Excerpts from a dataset

____________

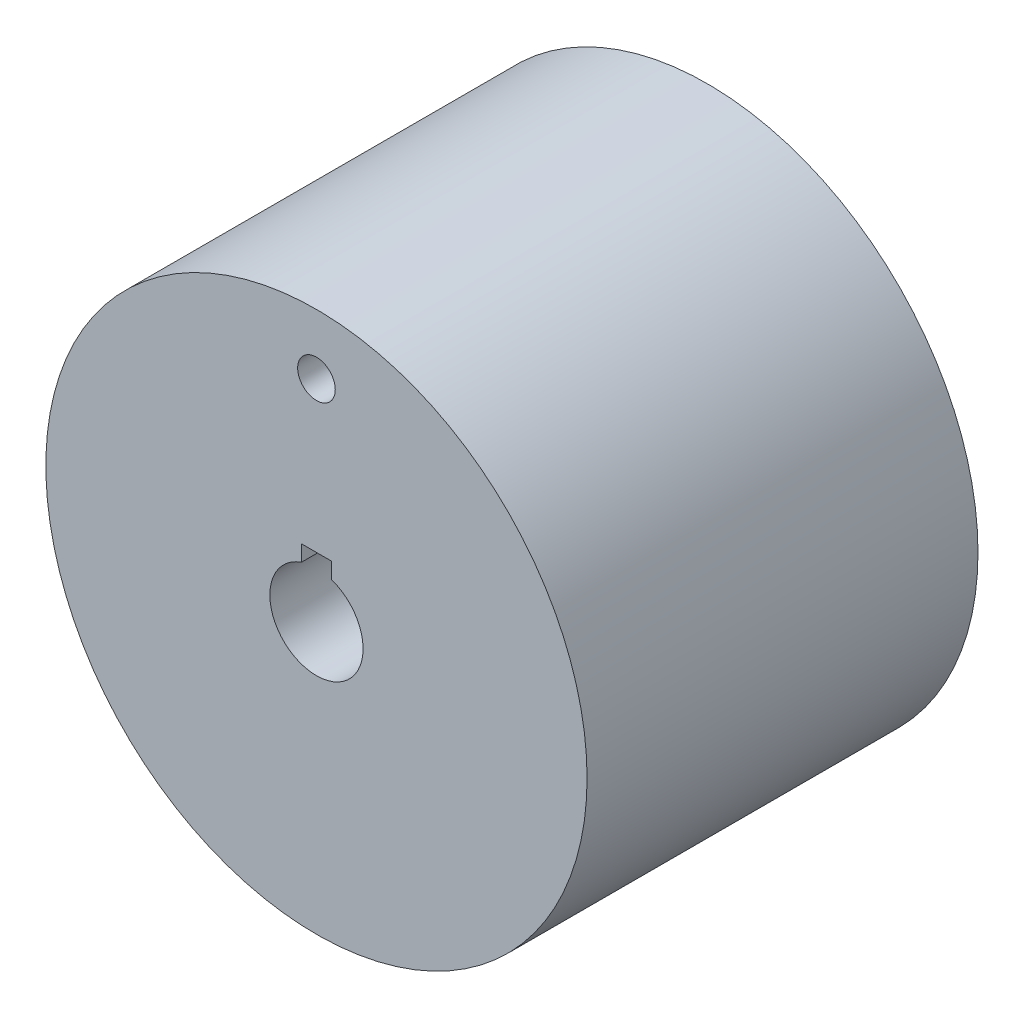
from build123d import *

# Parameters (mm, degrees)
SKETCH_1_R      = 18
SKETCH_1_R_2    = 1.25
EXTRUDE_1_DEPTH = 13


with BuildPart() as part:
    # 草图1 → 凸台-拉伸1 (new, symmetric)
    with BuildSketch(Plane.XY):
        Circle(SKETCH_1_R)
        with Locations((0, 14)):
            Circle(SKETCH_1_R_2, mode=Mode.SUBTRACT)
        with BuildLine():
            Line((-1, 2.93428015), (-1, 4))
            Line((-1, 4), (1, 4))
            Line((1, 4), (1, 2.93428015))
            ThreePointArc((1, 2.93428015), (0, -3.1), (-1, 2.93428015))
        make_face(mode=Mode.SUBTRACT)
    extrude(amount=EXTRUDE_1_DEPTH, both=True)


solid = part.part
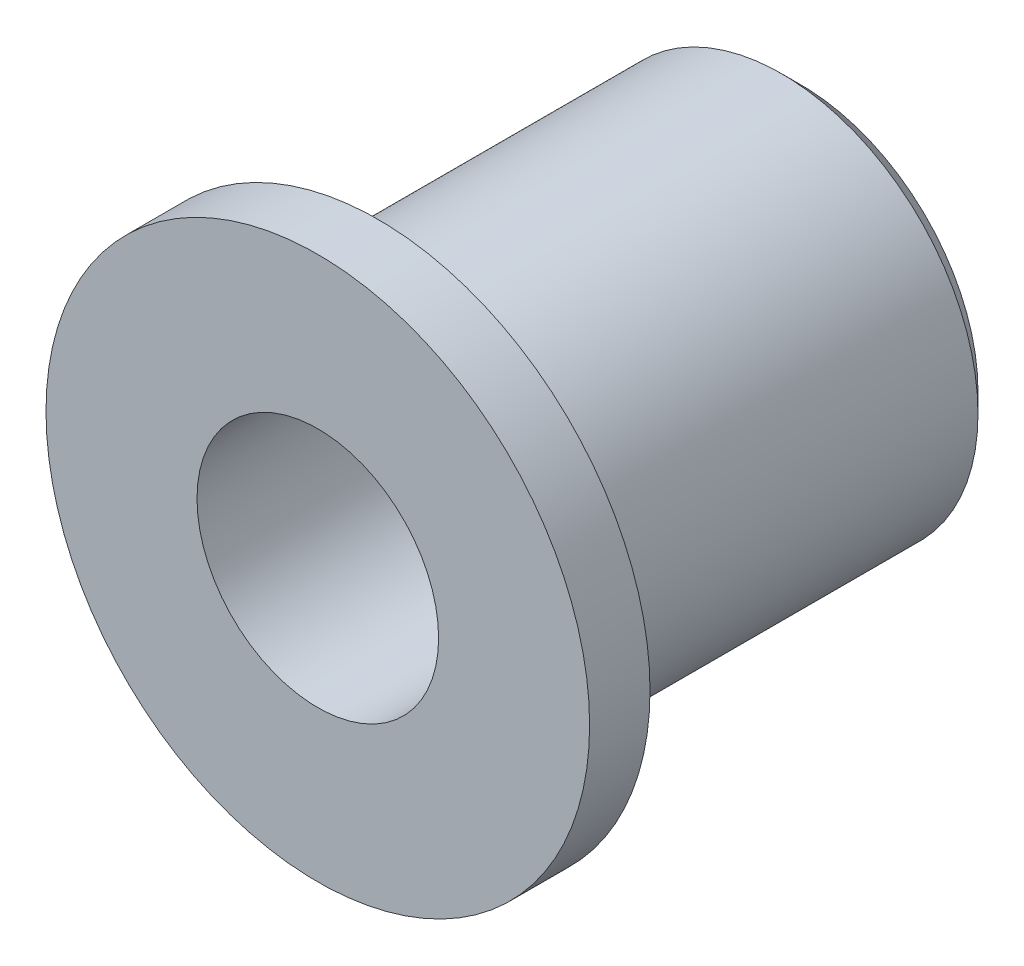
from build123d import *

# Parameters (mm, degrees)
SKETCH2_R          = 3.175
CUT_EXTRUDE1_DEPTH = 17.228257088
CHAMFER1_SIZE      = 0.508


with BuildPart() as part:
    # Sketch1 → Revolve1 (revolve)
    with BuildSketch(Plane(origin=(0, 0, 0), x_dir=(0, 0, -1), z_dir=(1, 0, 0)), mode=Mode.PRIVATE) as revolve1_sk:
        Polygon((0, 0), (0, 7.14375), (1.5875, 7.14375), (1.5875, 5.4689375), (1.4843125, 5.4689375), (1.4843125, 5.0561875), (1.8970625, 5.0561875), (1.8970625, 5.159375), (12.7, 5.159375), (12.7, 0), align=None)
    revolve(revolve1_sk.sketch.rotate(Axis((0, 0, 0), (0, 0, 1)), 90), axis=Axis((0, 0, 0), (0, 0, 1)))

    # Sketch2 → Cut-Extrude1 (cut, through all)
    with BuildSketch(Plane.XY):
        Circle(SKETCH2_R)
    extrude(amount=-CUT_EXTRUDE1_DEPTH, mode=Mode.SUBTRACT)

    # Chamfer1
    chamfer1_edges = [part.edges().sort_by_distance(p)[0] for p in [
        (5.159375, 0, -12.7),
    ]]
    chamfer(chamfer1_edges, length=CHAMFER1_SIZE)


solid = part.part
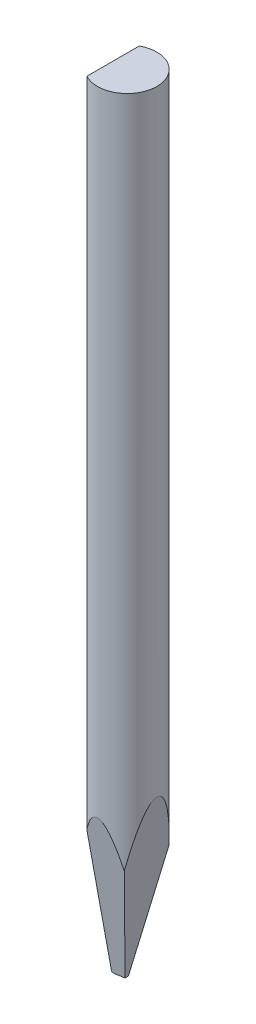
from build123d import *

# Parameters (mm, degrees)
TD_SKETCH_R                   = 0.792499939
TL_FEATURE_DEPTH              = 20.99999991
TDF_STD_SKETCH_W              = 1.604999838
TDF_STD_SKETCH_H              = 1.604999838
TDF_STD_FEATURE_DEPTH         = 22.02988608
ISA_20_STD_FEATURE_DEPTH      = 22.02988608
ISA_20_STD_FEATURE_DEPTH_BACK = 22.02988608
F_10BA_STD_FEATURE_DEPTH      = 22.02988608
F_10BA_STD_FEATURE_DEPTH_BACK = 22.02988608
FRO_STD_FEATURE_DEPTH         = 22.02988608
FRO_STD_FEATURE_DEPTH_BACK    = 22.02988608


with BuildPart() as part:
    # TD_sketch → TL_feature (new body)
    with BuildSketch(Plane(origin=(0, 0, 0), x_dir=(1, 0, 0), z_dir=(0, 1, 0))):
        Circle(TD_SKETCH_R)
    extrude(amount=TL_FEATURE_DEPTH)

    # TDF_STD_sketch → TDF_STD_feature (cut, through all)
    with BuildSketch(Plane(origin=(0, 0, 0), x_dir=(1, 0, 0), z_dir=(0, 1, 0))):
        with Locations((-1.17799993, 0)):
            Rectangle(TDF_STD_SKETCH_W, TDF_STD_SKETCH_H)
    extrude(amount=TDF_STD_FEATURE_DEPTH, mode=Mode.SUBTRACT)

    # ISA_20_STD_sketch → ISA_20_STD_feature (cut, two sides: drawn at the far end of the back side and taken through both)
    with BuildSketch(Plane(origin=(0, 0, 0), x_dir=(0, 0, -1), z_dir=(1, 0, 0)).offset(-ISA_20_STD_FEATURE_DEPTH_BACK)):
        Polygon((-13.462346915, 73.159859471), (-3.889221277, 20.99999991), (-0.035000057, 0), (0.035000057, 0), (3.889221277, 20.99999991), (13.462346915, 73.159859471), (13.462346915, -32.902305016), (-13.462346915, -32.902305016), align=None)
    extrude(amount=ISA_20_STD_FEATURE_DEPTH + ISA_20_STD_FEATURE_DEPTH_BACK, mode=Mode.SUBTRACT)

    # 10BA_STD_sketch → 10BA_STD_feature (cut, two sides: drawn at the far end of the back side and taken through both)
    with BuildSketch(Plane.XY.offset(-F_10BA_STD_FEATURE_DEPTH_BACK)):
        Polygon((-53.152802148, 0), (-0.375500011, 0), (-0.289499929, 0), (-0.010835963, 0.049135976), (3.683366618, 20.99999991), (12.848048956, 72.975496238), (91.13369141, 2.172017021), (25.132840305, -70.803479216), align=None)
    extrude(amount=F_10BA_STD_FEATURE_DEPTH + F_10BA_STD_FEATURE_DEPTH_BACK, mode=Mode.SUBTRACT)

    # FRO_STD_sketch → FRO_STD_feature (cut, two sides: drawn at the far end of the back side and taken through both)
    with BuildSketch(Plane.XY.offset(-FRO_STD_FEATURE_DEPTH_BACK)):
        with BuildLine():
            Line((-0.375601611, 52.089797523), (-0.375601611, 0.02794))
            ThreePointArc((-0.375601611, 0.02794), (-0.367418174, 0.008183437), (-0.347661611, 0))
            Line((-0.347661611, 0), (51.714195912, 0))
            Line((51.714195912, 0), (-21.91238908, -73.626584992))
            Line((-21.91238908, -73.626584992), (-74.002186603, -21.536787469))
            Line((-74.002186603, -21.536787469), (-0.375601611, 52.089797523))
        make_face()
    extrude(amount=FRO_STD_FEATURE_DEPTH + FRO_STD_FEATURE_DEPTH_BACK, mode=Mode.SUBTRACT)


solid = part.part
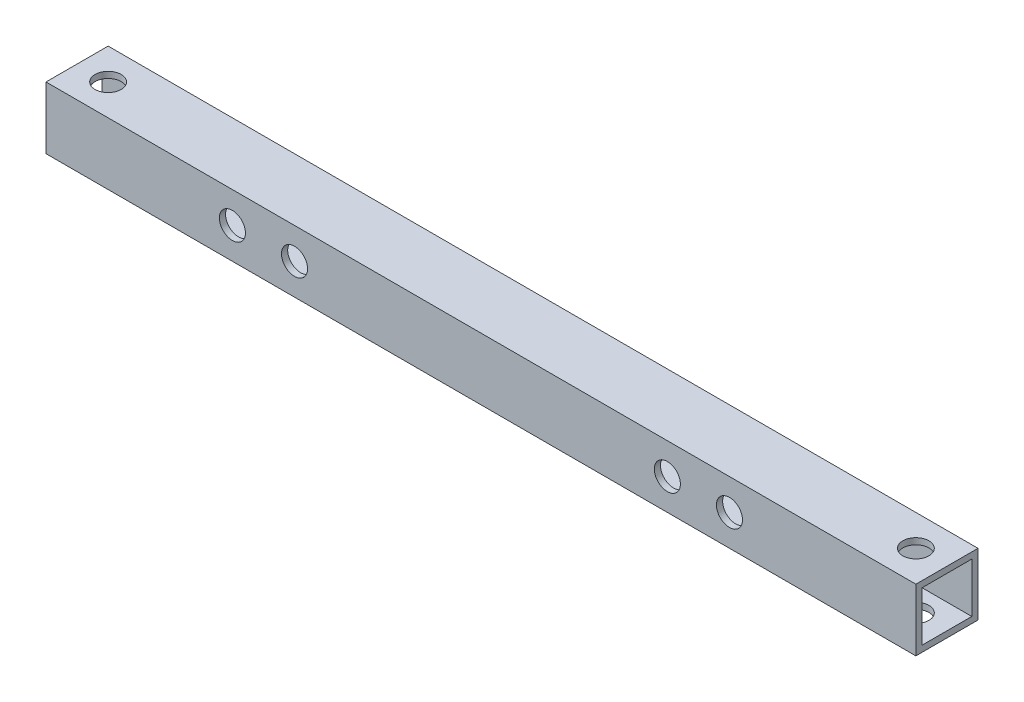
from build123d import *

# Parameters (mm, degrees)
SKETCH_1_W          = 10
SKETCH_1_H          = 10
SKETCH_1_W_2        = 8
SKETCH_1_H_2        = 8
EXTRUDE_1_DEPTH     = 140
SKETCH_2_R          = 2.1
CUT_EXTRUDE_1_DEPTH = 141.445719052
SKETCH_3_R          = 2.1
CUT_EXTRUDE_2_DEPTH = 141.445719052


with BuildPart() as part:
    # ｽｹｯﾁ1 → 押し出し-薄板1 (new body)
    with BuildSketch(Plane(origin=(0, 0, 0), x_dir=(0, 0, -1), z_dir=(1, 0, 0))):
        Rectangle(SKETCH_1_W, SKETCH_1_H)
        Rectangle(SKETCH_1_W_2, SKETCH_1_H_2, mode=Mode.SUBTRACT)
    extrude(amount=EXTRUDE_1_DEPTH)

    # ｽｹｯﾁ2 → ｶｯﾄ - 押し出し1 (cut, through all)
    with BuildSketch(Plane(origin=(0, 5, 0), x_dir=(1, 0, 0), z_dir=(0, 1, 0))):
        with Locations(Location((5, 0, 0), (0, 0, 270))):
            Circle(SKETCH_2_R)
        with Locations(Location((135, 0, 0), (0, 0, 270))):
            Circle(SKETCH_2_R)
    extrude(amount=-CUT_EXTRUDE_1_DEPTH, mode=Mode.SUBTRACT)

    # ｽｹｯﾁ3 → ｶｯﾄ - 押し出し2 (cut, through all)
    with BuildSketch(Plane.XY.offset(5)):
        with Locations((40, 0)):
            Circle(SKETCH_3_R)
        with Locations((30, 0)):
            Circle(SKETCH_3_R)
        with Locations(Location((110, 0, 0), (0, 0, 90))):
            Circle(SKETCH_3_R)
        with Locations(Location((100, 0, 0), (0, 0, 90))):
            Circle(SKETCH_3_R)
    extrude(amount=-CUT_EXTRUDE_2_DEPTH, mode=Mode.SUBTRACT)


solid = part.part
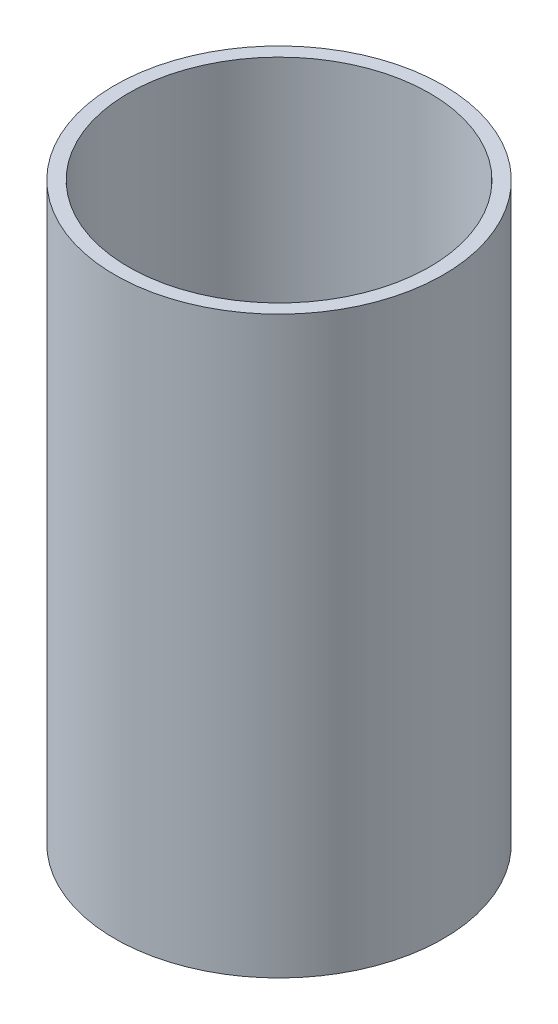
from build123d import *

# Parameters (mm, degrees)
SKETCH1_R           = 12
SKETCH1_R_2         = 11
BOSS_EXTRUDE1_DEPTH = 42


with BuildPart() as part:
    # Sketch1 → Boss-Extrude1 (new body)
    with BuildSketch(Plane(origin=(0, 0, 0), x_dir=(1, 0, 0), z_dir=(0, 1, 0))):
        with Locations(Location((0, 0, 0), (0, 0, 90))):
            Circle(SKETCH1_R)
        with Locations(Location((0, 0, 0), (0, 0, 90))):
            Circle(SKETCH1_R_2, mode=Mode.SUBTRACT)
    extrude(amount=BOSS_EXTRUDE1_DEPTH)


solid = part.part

____________

## [Exercise details]
Repeat exactly the lines from the first line of the records above through the line containing "ISA_20_STD_FEATURE_DEPTH_BACK = 22.02988608", both included. Leave out the pictures.

## [Response]
from build123d import *

# Parameters (mm, degrees)
SKETCH_1_R      = 18
SKETCH_1_R_2    = 1.25
EXTRUDE_1_DEPTH = 13


with BuildPart() as part:
    # 草图1 → 凸台-拉伸1 (new, symmetric)
    with BuildSketch(Plane.XY):
        Circle(SKETCH_1_R)
        with Locations((0, 14)):
            Circle(SKETCH_1_R_2, mode=Mode.SUBTRACT)
        with BuildLine():
            Line((-1, 2.93428015), (-1, 4))
            Line((-1, 4), (1, 4))
            Line((1, 4), (1, 2.93428015))
            ThreePointArc((1, 2.93428015), (0, -3.1), (-1, 2.93428015))
        make_face(mode=Mode.SUBTRACT)
    extrude(amount=EXTRUDE_1_DEPTH, both=True)


solid = part.part
from build123d import *

# Parameters (mm, degrees)
SKETCH2_R          = 3.175
CUT_EXTRUDE1_DEPTH = 17.228257088
CHAMFER1_SIZE      = 0.508


with BuildPart() as part:
    # Sketch1 → Revolve1 (revolve)
    with BuildSketch(Plane(origin=(0, 0, 0), x_dir=(0, 0, -1), z_dir=(1, 0, 0)), mode=Mode.PRIVATE) as revolve1_sk:
        Polygon((0, 0), (0, 7.14375), (1.5875, 7.14375), (1.5875, 5.4689375), (1.4843125, 5.4689375), (1.4843125, 5.0561875), (1.8970625, 5.0561875), (1.8970625, 5.159375), (12.7, 5.159375), (12.7, 0), align=None)
    revolve(revolve1_sk.sketch.rotate(Axis((0, 0, 0), (0, 0, 1)), 90), axis=Axis((0, 0, 0), (0, 0, 1)))

    # Sketch2 → Cut-Extrude1 (cut, through all)
    with BuildSketch(Plane.XY):
        Circle(SKETCH2_R)
    extrude(amount=-CUT_EXTRUDE1_DEPTH, mode=Mode.SUBTRACT)

    # Chamfer1
    chamfer1_edges = [part.edges().sort_by_distance(p)[0] for p in [
        (5.159375, 0, -12.7),
    ]]
    chamfer(chamfer1_edges, length=CHAMFER1_SIZE)


solid = part.part
from build123d import *

# Parameters (mm, degrees)
TD_SKETCH_R                   = 0.792499939
TL_FEATURE_DEPTH              = 20.99999991
TDF_STD_SKETCH_W              = 1.604999838
TDF_STD_SKETCH_H              = 1.604999838
TDF_STD_FEATURE_DEPTH         = 22.02988608
ISA_20_STD_FEATURE_DEPTH      = 22.02988608
ISA_20_STD_FEATURE_DEPTH_BACK = 22.02988608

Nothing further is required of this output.